Backdoor spread by thousands of pirated themes and plugins for Joomla, WordPress and Drupal content management systems

  Global infection statistics for CryptoPHP
Command and control (C&C) servers used by the operators of the CryptoPHP threat for popular content management systems (CMS) WordPress, Drupal and Joomla have been sinkholed and researchers observed connections from 23.693 unique IP addresses.

Command and control (C&C) servers used by the operators of the CryptoPHP threat for popular content management systems (CMS) WordPress, Drupal and Joomla have been sinkholed and researchers observed connections from 23.693 unique IP addresses.

Information on the scale of the CryptoPHP operation was gathered by Fox IT in cooperation with Abuse.ch, Shadowserver and Spamhaus.

Most infections registered in the US

After sinkholing most of the active C&C servers, the researchers noticed a decrease in the amount of addresses contacting them.

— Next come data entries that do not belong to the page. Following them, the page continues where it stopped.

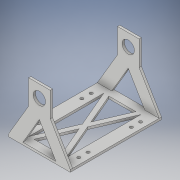
# Autodesk Inventor part: Square Support
Saved by Autodesk Inventor 2019 (Build 230136000, 136)
## iProperties
Created: 2019-04-16
Part Number: Square Support
Material: Generic
Document SubType Name: Modeling
Designer: kyle.fuchs
Density: 1 g/cm^3
Appearance: Default
Author: kyle.fuchs
Autodesk Inventor part; units mm, degrees
ref_plane "YZ Plane" through (0, 0, 0) normal (1, 0, 0) x (0, 1, 0)
ref_plane "XZ Plane" through (0, 0, 0) normal (0, 1, 0) x (-1, 0, 0)
sketch "Sketch1" plane through (0, 0, 0) normal (0, 1, 0) x (-1, 0, 0)
  line L0 (-127, 228.6) -> (-127, -228.6)
  line L1 (-65.8371, -177.8) -> (65.8371, -177.8)
  line L2 (127, -228.6) -> (127, 228.6)
  line L3 (65.8371, 177.8) -> (-65.8371, 177.8)
  line L4 (127, -228.6) -> (-127, -228.6)
  line L5 (-127, 228.6) -> (127, 228.6)
  line L6 (-76.2, 153.6199) -> (-76.2, -153.6199)
  line L7 (76.2, -153.6199) -> (76.2, 153.6199)
  line L8 (76.2, -153.6199) -> (10.3629, 0)
  line L9 (0, 24.1801) -> (-65.8371, 177.8)
  line L10 (65.8371, -177.8) -> (0, -24.1801)
  line L11 (-10.3629, 0) -> (-76.2, 153.6199)
  line L12 (76.2, 153.6199) -> (10.3629, 0)
  line L13 (0, -24.1801) -> (-65.8371, -177.8)
  line L14 (65.8371, 177.8) -> (0, 24.1801)
  line L15 (-10.3629, 0) -> (-76.2, -153.6199)
  point P0 (0, 0)
  point P1 (-127, 155.9501)
  point P2 (127, -155.9501)
  point P3 (-127, -155.9501)
  point P4 (127, 155.9501)
  constraints: 32 end point, 4 point on line, 2 parallel, 2 perpendicular, 1 vertical
extrude "Extrusion3" add sketch "Sketch1" along normal blind 9.525
sketch "Sketch7" plane through (0, 9.525, 0) normal (0, 1, 0) x (1, 0, 0)
  line L0 (0, 24.1801) -> (-65.8371, 177.8) projected
  line L1 (-127, 228.6) -> (-127, -228.6) projected
  line L2 (-76.2, 153.6199) -> (-76.2, -153.6199) projected
  circle A0 centre (-101.6, 127) radius 6.35
  circle A1 centre (-101.6, 88.9) radius 6.35
  line L3 (127, 228.6) -> (-127, 228.6) projected
  line L4 (-127, -228.6) -> (127, -228.6) projected
  circle A2 centre (101.6, 127) radius 6.35
  circle A3 centre (101.6, 88.9) radius 6.35
  line L5 (127, -228.6) -> (127, 228.6) projected
  circle A4 centre (-101.6, -127) radius 6.35
  circle A5 centre (-101.6, -88.9) radius 6.35
  circle A6 centre (101.6, -127) radius 6.35
  circle A7 centre (101.6, -88.9) radius 6.35
  point P0 (0, 0)
  constraints: 8 centre point
extrude "Extrusion4" cut sketch "Sketch7" against normal up to next contours A0 | A1 | A2 | A3 | A4 | A5 | A6 | A7
sketch "Sketch8" plane through (127, 0, -228.6) normal (0, 0, -1) x (-1, 0, 0)
  point P0 (127, 0)
ref_plane "Work Plane2" through (0, 0, 177.8) normal (0, 0, 1) x (1, 0, 0)
mirror "Mirror3" about plane through (0, 0, 0) normal (0, 0, 1)
sketch "Sketch13" plane through (0, 0, 177.8) normal (0, 0, 1) x (1, 0, 0)
  line L0 (0, 0) -> (0, 9.525) projected
  line L1 (-127, 9.525) -> (127, 9.525) projected
  line L2 (0, 9.525) -> (-44.45, 9.525)
  line L3 (-44.45, 250.825) -> (44.45, 250.825)
  circle A0 centre (0, 200.025) radius 25.4
  line L4 (-127, 0) -> (-127, 9.525) projected
  line L5 (-44.45, 149.225) -> (-127, 9.525)
  line L6 (127, 0) -> (127, 9.525) projected
  line L7 (44.45, 149.225) -> (127, 9.525)
  line L8 (67.9938, 9.525) -> (0, 124.5914)
  line L9 (0, 124.5914) -> (-67.9938, 9.525)
  line L10 (44.45, 250.825) -> (44.45, 149.225)
  line L11 (-44.45, 149.225) -> (-44.45, 250.825)
  dimension "d52" = 88.9
  dimension "d56" = 50.8
  dimension "d57" = 50.8
  constraints: 16 end point, 3 perpendicular, 3 point on line, 1 centre point, 1 parallel
  measures "d52" distance of L3.start L3.end
  measures "d56" distance between parallel lines of L7 L8
  measures "d57" distance between parallel lines of L5 L9
extrude "Extrusion8" add sketch "Sketch13" along normal blind 9.525 contours L5 L11 L3 L10 L7 L1 L8 L9
mirror "Mirror4" about plane through (0, 0, 0) normal (0, 0, 1) of "Extrusion8"
sketch "Sketch14" plane through (0, 9.525, 0) normal (0, 1, 0) x (1, 0, 0)
  line L0 (-127, 228.6) -> (-127, 187.325) projected
  line L1 (67.9938, 187.325) -> (127, 187.325) projected
  line L2 (-127, 228.6) -> (127, 228.6)
  line L3 (127, 228.6) -> (127, 187.325)
  line L4 (127, 187.325) -> (-127, 187.325)
  line L5 (-127, 187.325) -> (-127, 228.6)
  line L6 (-44.45, -187.325) -> (-127, -187.325) projected
  line L7 (-127, -228.6) -> (127, -228.6) projected
  line L8 (-127, -187.325) -> (127, -187.325)
  line L9 (127, -187.325) -> (127, -228.6)
  line L10 (127, -228.6) -> (-127, -228.6)
  line L11 (-127, -228.6) -> (-127, -187.325)
  point P0 (0, 0)
  constraints: 16 end point, 4 parallel, 2 horizontal, 2 perpendicular
extrude "Extrusion9" cut sketch "Sketch14" against normal blind 25.4
sketch "Sketch15" plane through (0, 9.525, 0) normal (0, 1, 0) x (1, 0, 0)
  line L0 (-76.2, 153.6199) -> (-10.3629, 0) projected
  line L1 (-76.2, 153.6199) -> (76.2, 153.6199)
  line L2 (76.2, 153.6199) -> (76.2, 177.8)
  line L3 (127, 177.8) -> (44.45, 177.8) projected
  line L4 (-76.2, 153.6199) -> (-76.2, 177.8)
  line L5 (-76.2, 177.8) -> (76.2, 177.8)
  line L6 (-44.45, -177.8) -> (-127, -177.8) projected
  line L7 (-76.2, -177.8) -> (76.2, -177.8)
  line L8 (76.2, -177.8) -> (76.2, -152.9852)
  line L9 (76.2, -152.9852) -> (-76.2, -152.9852)
  line L10 (-76.2, -152.9852) -> (-76.2, -177.8)
  point P0 (0, 0)
  constraints: 16 end point, 6 point on line, 4 perpendicular, 1 collinear, 1 horizontal, 1 vertical
extrude "Extrusion10" add sketch "Sketch15" against normal blind 9.525 contours L4 L5 L3 L2 L1
sketch "Sketch16" plane through (0, 9.525, 0) normal (0, 1, 0) x (1, 0, 0)
  line L0 (-76.2, -153.6199) -> (-10.3629, 0) projected
  line L1 (-76.2, -153.6199) -> (-76.2, -177.8)
  line L2 (-127, -177.8) -> (-67.9938, -177.8) projected
  line L3 (76.2, -153.6199) -> (76.2, 153.6199) projected
  line L4 (76.2, -153.6199) -> (-76.2, -153.6199)
  line L5 (-76.2, -153.6199) -> (-76.2, -177.8)
  line L6 (-76.2, -177.8) -> (76.2, -177.8)
  line L7 (76.2, -177.8) -> (76.2, -153.6199)
  point P0 (0, 0)
  constraints: 10 end point, 2 parallel, 1 horizontal, 1 perpendicular, 1 point on line, 1 vertical
extrude "Extrusion11" add sketch "Sketch16" against normal blind 9.525
ref_plane "Work Plane3" through (0, 0, 0) normal (0, 0, 1) x (1, 0, 0)
body "Solid2"
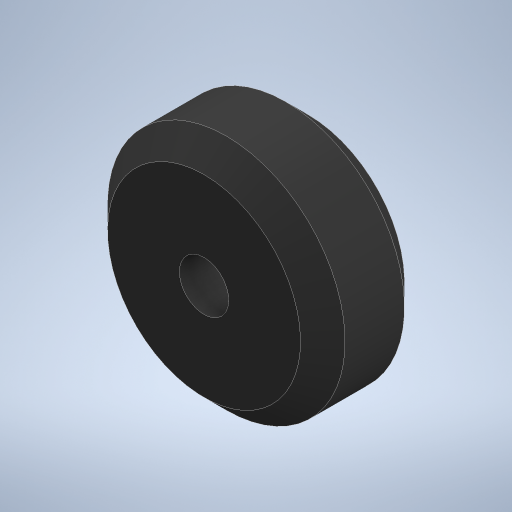
# Autodesk Inventor part: VSlot RollerWheel
Saved by Autodesk Inventor 2023 (Build 270158000, 158)
## iProperties
Created: 2023-04-10
Part Number: VSlot RollerWheel
Material: Rubber
Document SubType Name: Modeling
Designer: ethan
Density: 0.93 g/cm^3
Appearance: Rubber - Black
Author: ethan
Autodesk Inventor part; units mm, degrees
ref_plane "YZ Plane" through (0, 0, 0) normal (1, 0, 0) x (0, 1, 0)
ref_plane "XZ Plane" through (0, 0, 0) normal (0, 1, 0) x (-1, 0, 0)
ref_plane "XY Plane" through (0, 0, 0) normal (0, 0, 1) x (1, 0, 0)
sketch "Sketch1" plane through (0, 0, 0) normal (1, 0, 0) x (0, 1, 0)
  circle A0 centre (0, 0) radius 2.15 construction
  line L0 (2.8308, 3.75) -> (-2.8308, 3.75) construction
  line L1 (-2.8308, 3.75) -> (-5.5, 6.4192) construction
  line L2 (-5.5, 6.4192) -> (-5.5, 8.2) construction
  line L3 (-5.5, 8.2) -> (-3.6328, 8.2) construction
  arc A1 (-3.6328, 8.2) -> (-3.4914, 8.5414) centre (-3.6328, 8.4) ccw construction
  line L4 (-3.4914, 8.5414) -> (-4.95, 10) construction
  line L5 (-4.95, 10) -> (-10, 10) construction
  line L6 (-10, 10) -> (-10, 4.95) construction
  line L7 (-10, 4.95) -> (-8.5414, 3.4914) construction
  arc A2 (-8.5414, 3.4914) -> (-8.2, 3.6328) centre (-8.4, 3.6328) ccw construction
  line L8 (-8.2, 3.6328) -> (-8.2, 5.5) construction
  line L9 (-8.2, 5.5) -> (-6.4192, 5.5) construction
  line L10 (-6.4192, 5.5) -> (-3.75, 2.8308) construction
  line L11 (-3.75, 2.8308) -> (-3.75, -2.8308) construction
  line L12 (-3.75, -2.8308) -> (-6.4192, -5.5) construction
  line L13 (-6.4192, -5.5) -> (-8.2, -5.5) construction
  line L14 (-8.2, -5.5) -> (-8.2, -3.6328) construction
  arc A3 (-8.2, -3.6328) -> (-8.5414, -3.4914) centre (-8.4, -3.6328) ccw construction
  line L15 (-8.5414, -3.4914) -> (-10, -4.95) construction
  line L16 (-10, -4.95) -> (-10, -10) construction
  line L17 (-10, -10) -> (-4.95, -10) construction
  line L18 (-4.95, -10) -> (-3.4914, -8.5414) construction
  arc A4 (-3.4914, -8.5414) -> (-3.6328, -8.2) centre (-3.6328, -8.4) ccw construction
  line L19 (-3.6328, -8.2) -> (-5.5, -8.2) construction
  line L20 (-5.5, -8.2) -> (-5.5, -6.4192) construction
  line L21 (-5.5, -6.4192) -> (-2.8308, -3.75) construction
  line L22 (-2.8308, -3.75) -> (2.8308, -3.75) construction
  line L23 (2.8308, -3.75) -> (5.5, -6.4192) construction
  line L24 (5.5, -6.4192) -> (5.5, -8.2) construction
  line L25 (5.5, -8.2) -> (3.6328, -8.2) construction
  arc A5 (3.6328, -8.2) -> (3.4914, -8.5414) centre (3.6328, -8.4) ccw construction
  line L26 (3.4914, -8.5414) -> (4.95, -10) construction
  line L27 (4.95, -10) -> (10, -10) construction
  line L28 (10, -10) -> (10, -4.95) construction
  line L29 (10, -4.95) -> (8.5414, -3.4914)
  arc A6 (8.5414, -3.4914) -> (8.2, -3.6328) centre (8.4, -3.6328) ccw construction
  line L30 (8.2, -3.6328) -> (8.2, -5.5) construction
  line L31 (8.2, -5.5) -> (6.4192, -5.5) construction
  line L32 (6.4192, -5.5) -> (3.75, -2.8308) construction
  line L33 (3.75, -2.8308) -> (3.75, 2.8308) construction
  line L34 (3.75, 2.8308) -> (6.4192, 5.5) construction
  line L35 (6.4192, 5.5) -> (8.2, 5.5) construction
  line L36 (8.2, 5.5) -> (8.2, 3.6328) construction
  arc A7 (8.2, 3.6328) -> (8.5414, 3.4914) centre (8.4, 3.6328) ccw construction
  line L37 (8.5414, 3.4914) -> (10, 4.95)
  line L38 (10, 4.95) -> (10, 10) construction
  line L39 (10, 10) -> (4.95, 10) construction
  line L40 (4.95, 10) -> (3.4914, 8.5414) construction
  arc A8 (3.4914, 8.5414) -> (3.6328, 8.2) centre (3.6328, 8.4) ccw construction
  line L41 (3.6328, 8.2) -> (5.5, 8.2) construction
  line L42 (5.5, 8.2) -> (5.5, 6.4192) construction
  line L43 (5.5, 6.4192) -> (2.8308, 3.75) construction
  line L44 (10.3, 5.25) -> (10.3, -5.25) construction
  line L45 (10, 4.95) -> (10.3, 5.25)
  line L46 (10, -4.95) -> (10.3, -5.25)
  line L47 (8.05, 3) -> (8.05, -3)
  line L48 (8.5414, 3.4914) -> (8.05, 3)
  line L49 (8.5414, -3.4914) -> (8.05, -3)
  line L50 (32.05, 3) -> (32.05, -3)
  line L51 (10.3, 5.25) -> (29.8, 5.25)
  line L52 (10.3, -5.25) -> (29.8, -5.25)
  line L53 (29.8, 5.25) -> (32.05, 3)
  line L54 (32.05, -3) -> (29.8, -5.25)
  line L55 (20.05, 5.25) -> (20.05, -5.25) construction
  line L56 (22.55, 5.25) -> (22.55, -5.25)
  line L57 (17.55, 5.25) -> (17.55, -5.25)
  dimension "d0" = 10.5
  dimension "d1" = 45
  dimension "d2" = 6
  dimension "d3" = 6
  dimension "d4" = 24
  dimension "d5" = 135
  dimension "d7" = 2.5
  dimension "d8" = 2.5
  constraints: 116 end point, 17 vertical, 16 horizontal, 16 point on circle, 9 centre point, 3 perpendicular, 3 point on line, 2 midpoint, 1 collinear, 1 parallel, 1 tangent, 88 other
  measures "d0" distance of L44.start L44.end
  measures "d1" angle of L28 L46
  measures "d2" distance of L47.start L47.end
  measures "d3" distance of L50.start L50.end
  measures "d4" distance between parallel lines of L47 L50
  measures "d5" angle of L51 L53
  measures "d7" distance from line of L55.start L57
  measures "d8" distance from line of L55.start L56
revolve "Revolution1" add sketch "Sketch1" angle 360 about axis through (0, 20.05, 5.25) along (0, 0, -1) contours L56 L51 L53 L50 L54 L52
body "Solid1"
PTFE Box Test_v2 (Autodesk Fusion 360 design; units mm, degrees)
Autodesk Fusion 360 part; units mm, degrees
box "BoxPrimitive1" add length 203.2 width 203.2 height 5.08 placed x (0, 0, -1) y (-1, 0, 0) z (0, 1, 0) at (203.2, 0, 0)
hole "Hole1" at (101.6, 5.08, -101.6) direction (0, -1, 0) diameter 101.6 depth 2 tip angle 180
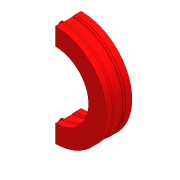
# Autodesk Inventor part: Sbend100_0
Saved by Autodesk Inventor 2022.2 (Build 262287010, 287A)
## iProperties
RuleStatus: InUse
Created: 2021-06-15
Part Number: Sbend100_0
Material: Generic
Document SubType Name: Modeling
Designer: Josep
Mass: 90127.1 g
Surface Area: 52615.5 cm^2
Volume: 90127.1 cm^3
Density: 1 g/cm^3
Appearance: SBend
Author: Josep
Autodesk Inventor part; units mm, degrees
ref_plane "YZ Plane" through (0, 0, 0) normal (1, 0, 0) x (0, 1, 0)
ref_plane "XY Plane" through (0, 0, 0) normal (0, 0, 1) x (1, 0, 0)
sketch "Sketch1" plane through (0, 0, 0) normal (0, 0, 1) x (0, 1, 0)
  line L0 (-152.5, -105) -> (152.5, -105)
  line L1 (152.5, -105) -> (152.5, 105)
  line L2 (152.5, 105) -> (-152.5, 105)
  line L3 (-152.5, 105) -> (-152.5, -105)
  line L4 (-152.5, -105) -> (152.5, 105) construction
  line L5 (152.5, -105) -> (-152.5, 105) construction
  line L6 (112.8, 66.7) -> (-112.8, 66.7)
  line L7 (-112.8, 66.7) -> (-112.8, 38.3)
  line L8 (-112.8, 38.3) -> (-20, 38.3)
  line L9 (-20, 38.3) -> (-20, -38.3)
  line L10 (-20, -38.3) -> (-112.8, -38.3)
  line L11 (-112.8, -38.3) -> (-112.8, -66.7)
  line L12 (-112.8, -66.7) -> (112.8, -66.7)
  line L13 (112.8, -66.7) -> (112.8, -38.3)
  line L14 (112.8, -38.3) -> (20, -38.3)
  line L15 (20, -38.3) -> (20, 38.3)
  line L16 (20, 38.3) -> (112.8, 38.3)
  line L17 (112.8, 38.3) -> (112.8, 66.7)
  line L18 (-80, 105) -> (80, 105)
  line L19 (80, 105) -> (80, 102.5)
  line L20 (80, 102.5) -> (-80, 102.5)
  line L21 (-80, 102.5) -> (-80, 105)
  line L22 (-52, 102.5) -> (52, 102.5)
  line L23 (52, 102.5) -> (52, 97.5)
  line L24 (52, 97.5) -> (-52, 97.5)
  line L25 (-52, 97.5) -> (-52, 102.5)
  line L26 (-80, -102.5) -> (80, -102.5)
  line L27 (80, -102.5) -> (80, -105)
  line L28 (80, -105) -> (-80, -105)
  line L29 (-80, -105) -> (-80, -102.5)
  line L30 (-52, -97.5) -> (52, -97.5)
  line L31 (52, -97.5) -> (52, -102.5)
  line L32 (52, -102.5) -> (-52, -102.5)
  line L33 (-52, -102.5) -> (-52, -97.5)
  point P0 (0, 0)
  point P1 (20, 0)
  point P2 (-20, 0)
  point P3 (0, 0)
  point P4 (0, 66.7)
  point P5 (0, 0)
  point P6 (0, -66.7)
  point P7 (0, 102.5)
  point P8 (0, 105)
  point P9 (0, -102.5)
  point P10 (0, -105)
  dimension "d6" = 305
  dimension "d7" = 210
  dimension "d8" = 225.6
  dimension "d9" = 28.4
  dimension "d10" = 40
  dimension "d11" = 76.6
  dimension "d12" = 38.3
  dimension "d46" = 2.5
  dimension "d47" = 5
  dimension "d48" = 104
  dimension "d49" = 160
  constraints: 68 end point, 16 midpoint, 13 parallel, 9 equal length, 8 perpendicular, 6 horizontal, 3 point on line, 2 horizontal alignment, 2 vertical alignment
  measures "d6" distance of L2.end L1.end
  measures "d7" distance of L1.end L0.end
  measures "d8" distance of L6.start L6.end
  measures "d9" distance of L16.end L6.start
  measures "d10" distance between parallel lines of L9 L15
  measures "d11" distance of L14.end L15.end
  measures "d12" distance between parallel lines of L6 L2
  measures "d46" distance of L20.end L18.start
  measures "d47" distance of L24.end L22.start
  measures "d48" distance of L23.end L24.end
  measures "d49" distance of L19.end L20.end
sketch "Sketch2" plane through (0, 0, 0) normal (0, 1, 0) x (-1, 0, 0)
  line L0 (0, -700) -> (0, 700) projected
  arc A0 (499.6018, 499.9998) -> (499.6018, -499.9998) centre (500, 0) ccw
  line L1 (500, 0) -> (0, 0) construction
  line L2 (499.6018, 499.9998) -> (500, 0) construction
  line L3 (499.6018, -499.9998) -> (500, 0) construction
  dimension "d54" = 90
  dimension "d58" = 1570
  dimension "d59" = 179.909
  constraints: 6 end point, 3 point on circle, 1 centre point
  measures "d54" angle of L0 L1
  measures "d59" angle of L3 L2
sweep "Sweep1" add profiles "Sketch1" path "Sketch2" path curves A0 contours L3 L2 L21 L20 L25 L24 L23 L19 L1 L0 L27 L26 L31 L30 L33 L29
sketch "Sketch3" plane through (0, 0, 0) normal (0, 0, 1) x (0, 1, 0)
  line L0 (20, 38.3) -> (112.8, 38.3) projected
  line L1 (112.8, 38.3) -> (112.8, 66.7) projected
  line L2 (112.8, 66.7) -> (-112.8, 66.7) projected
  line L3 (-112.8, 66.7) -> (-112.8, 38.3) projected
  line L4 (-112.8, 38.3) -> (-20, 38.3) projected
  line L5 (-20, 38.3) -> (-20, -38.3) projected
  line L6 (-20, -38.3) -> (-112.8, -38.3) projected
  line L7 (-112.8, -38.3) -> (-112.8, -66.7) projected
  line L8 (-112.8, -66.7) -> (112.8, -66.7) projected
  line L9 (112.8, -66.7) -> (112.8, -38.3) projected
  line L10 (112.8, -38.3) -> (20, -38.3) projected
  line L11 (20, -38.3) -> (20, 38.3) projected
  line L12 (80, 102.5) -> (80, 105) projected
  line L13 (80, 105) -> (152.5, 105) projected
  line L14 (152.5, 105) -> (152.5, -105) projected
  line L15 (152.5, -105) -> (80, -105) projected
  line L16 (80, -105) -> (80, -102.5) projected
  line L17 (80, -102.5) -> (52, -102.5) projected
  line L18 (52, -102.5) -> (52, -97.5) projected
  line L19 (52, -97.5) -> (-52, -97.5) projected
  line L20 (-52, -97.5) -> (-52, -102.5) projected
  line L21 (-52, -102.5) -> (-80, -102.5) projected
  line L22 (-80, -102.5) -> (-80, -105) projected
  line L23 (-80, -105) -> (-152.5, -105) projected
  line L24 (-152.5, -105) -> (-152.5, 105) projected
  line L25 (-152.5, 105) -> (-80, 105) projected
  line L26 (-80, 105) -> (-80, 102.5) projected
  line L27 (-80, 102.5) -> (-52, 102.5) projected
  line L28 (-52, 102.5) -> (-52, 97.5) projected
  line L29 (-52, 97.5) -> (52, 97.5) projected
  line L30 (52, 97.5) -> (52, 102.5) projected
  line L31 (52, 102.5) -> (80, 102.5) projected
  line L32 (23.9, 65.45) -> (108.9, 65.45)
  line L33 (108.9, 65.45) -> (108.9, 39.55)
  line L34 (108.9, 39.55) -> (23.9, 39.55)
  line L35 (23.9, 39.55) -> (23.9, 65.45)
  line L36 (23.9, 65.45) -> (108.9, 39.55) construction
  line L37 (108.9, 65.45) -> (23.9, 39.55) construction
  line L38 (0, 226) -> (0, -621) projected
  line L39 (-23.9, 65.45) -> (-108.9, 65.45)
  line L40 (-108.9, 65.45) -> (-108.9, 39.55)
  line L41 (-108.9, 39.55) -> (-23.9, 39.55)
  line L42 (-23.9, 39.55) -> (-23.9, 65.45)
  point P0 (112.8, -500)
  point P1 (66.4, 52.5)
  point P2 (66.4, 52.5)
  point P3 (66.4, 38.3)
  point P4 (108.9, 52.5)
  point P5 (112.8, 52.5)
  dimension "d60" = 85
  dimension "d61" = 25.9
  constraints: 20 end point, 6 midpoint, 4 symmetric about line, 2 parallel, 1 horizontal, 1 horizontal alignment, 1 perpendicular, 1 vertical alignment
  measures "d60" distance of L33.end L34.end
  measures "d61" distance of L32.end L33.end
ref_plane "Work Plane2" through (-52.5, 66.4, 0) normal (0, 1, 0) x (-1, 0, 0)
sketch "Sketch10" plane through (-52.5, 66.4, 0) normal (0, 1, 0) x (-1, 0, 0)
  arc A0 (447.155, 433.2999) -> (447.155, -433.2999) centre (447.5, 0) ccw projected
  arc A1 (447.0487, 566.6998) -> (447.0487, -566.6998) centre (447.5, 0) ccw projected
  arc A2 (447.155, 433.2999) -> (447.0487, 566.6998) centre (447.1018, 499.9998) ccw
  arc A3 (447.0487, -566.6998) -> (447.155, -433.2999) centre (447.1018, -499.9998) ccw
  point P0 (-52.5, 0)
  constraints: 4 point on circle, 2 centre point, 2 tangent
sweep "Sweep5" [suppressed]
sketch "Sketch5" plane through (0, 0, 0) normal (0, 0, 1) x (0, 1, 0)
  line L0 (-15, 19.05) -> (15, 19.05)
  line L1 (15, 19.05) -> (15, -19.05)
  line L2 (15, -19.05) -> (-15, -19.05)
  line L3 (-15, -19.05) -> (-15, 19.05)
  line L4 (-15, 19.05) -> (15, -19.05) construction
  line L5 (15, 19.05) -> (-15, -19.05) construction
  point P0 (0, 0)
  dimension "d27" = 30
  dimension "d28" = 38.1
  constraints: 12 end point, 2 midpoint, 2 parallel, 1 horizontal, 1 perpendicular
  measures "d27" distance of L1.end L2.end
  measures "d28" distance of L0.end L1.end
sketch "Sketch6" plane through (0, 0, 0) normal (0, 1, 0) x (-1, 0, 0)
  arc A0 (499.6018, 499.9998) -> (499.6018, -499.9998) centre (500, 0) ccw projected
  line L0 (499.6018, 499.9998) -> (574.6018, 500.0596)
  line L1 (499.6018, -499.9998) -> (574.6018, -500.0596)
  dimension "d64" = 75
  dimension "d65" = 75
  constraints: 4 end point, 2 tangent
  measures "d64" distance of L0.start L0.end
  measures "d65" distance of L1.start L1.end
sweep "Sweep4" add profiles "Sketch5" path "Sketch6"
sketch "Sketch7" plane through (-574.3679, -15, 793.7782) normal (0.9999997, 0, -0.0007963) x (-0.0007963, 0, -0.9999997)
  circle A0 centre (293.7187, 15) radius 34.925
  line L0 (274.6687, 0) -> (274.6687, 30) projected
  line L1 (274.6687, 30) -> (312.7687, 30) projected
  line L2 (312.7687, 30) -> (312.7687, 0) projected
  line L3 (312.7687, 0) -> (274.6687, 0) projected
  point P0 (293.7187, 30)
  point P1 (312.7687, 15)
  dimension "d32" = 69.85
  constraints: 2 midpoint, 1 centre point, 1 horizontal alignment, 1 vertical alignment
  measures "d32" diameter of A0
extrude "Extrusion1" add sketch "Sketch7" against normal blind 12.7 contours A0 | L0 L1 L2 L3
sketch "Sketch9" plane through (-574.7964, -15, -255.7535) normal (-0.9999997, 0, -0.0007963) x (-0.0007963, 0, 0.9999997)
  circle A0 centre (-244.3061, 15) radius 34.925
  line L0 (-263.3561, 0) -> (-225.2561, 0) projected
  line L1 (-263.3561, 30) -> (-263.3561, 0) projected
  line L2 (-225.2561, 30) -> (-263.3561, 30) projected
  line L3 (-225.2561, 0) -> (-225.2561, 30) projected
  point P0 (-244.3061, 30)
  point P1 (-263.3561, 15)
  dimension "d40" = 69.85
  constraints: 2 midpoint, 1 centre point, 1 horizontal alignment, 1 vertical alignment
  measures "d40" diameter of A0
extrude "Extrusion3" add sketch "Sketch9" along normal blind 12.7 contours A0 | L1 L2 L3 L0
equation "\"d58\" = Length"
equation "\"d59\" = Angle"
equation "\"d65\" = d64"
equation "\"d40\" = d32"
equation "\"d41\" = d33"
equation "\"Angle\" = 179.909deg"
equation "\"Length\" = 1570"
equation "\"d33\" = 12.7"
body "Solid1"
body "Solid5"

As such, following the initial statistics on November 22, less and less IPs initiated communication with the control domains, 16,786 being recorded on November 24.

However, researchers draw attention to the fact that the information is not particularly relevant to counting the amount of compromised websites because the affected web servers could host multiple sites; thus, malware on several websites could attempt connection to the malicious command and control server through the same IP, which makes the possible number of infected sites larger.

According to the data from the researchers, most of the infections are located in the US, where 8,657 compromised addresses were recorded. Next, at a considerable distance, is Germany, with 2,877 IPs.

CryptoPHP is dynamic in use, employed for Blackhat SEO

Fox IT detected about 16 versions of CryptoPHP, the first one being spotted in September 2013. These are distributed through thousands of pirated copies of plug-ins and themes for the popular CMS software. The latest version of the threat is 1.0 and it was discovered on November 12.

Researchers say that many of websites used to spread the threat have disappeared on Sunday, only to re-emerge on Monday with a new version of the malware, and they are still active today.

Fox IT says in a report that CryptoPHP is used for Blackhat SEO, by injecting links and text into pages, but only when the visitor resembles a web crawler, which is generally used by search engines to index content.

Blackhat SEO (search engine optimization) is a technique that increases the rank of a website in a search engine through unethical means. The practice violates the search engine’s terms of service and, therefore, leads to banning the promoted website.

Public key encryption used for communication

It is believed that the actor behind this operation is located in Chisinau, the capital city of the Republic of Moldova. The information has been extracted based on a user-agent named “chishijen12,” which led to an IP address that used it since December 2013.

The list of features of the malware relies on RSA public key cryptography for the communication between the victim and the C&C, which is the reason researchers cannot compile statistics regarding the CMS software type running on a compromised web server.

If the C&C server is taken down, communication is carried out via email. Furthermore, security experts also found that the backdoor can also be controlled manually, without the need of a command and control machine.

Removing CryptoPHP

To help administrators determine whether CryptoPHP is present on their website, Fox IT c created two Python scripts, available on GitHub; one is intended for detecting the presence of the threat, while the other is to scan for backdoor files.

Cleaning the site involves not only getting rid of the malicious scripts, but also removing any extra administrator accounts and resetting the log-in credentials.

Although the routines presented by Fox IT should be enough, researchers recommend installing a clean copy of the CMS, just to make sure that attackers have no door in.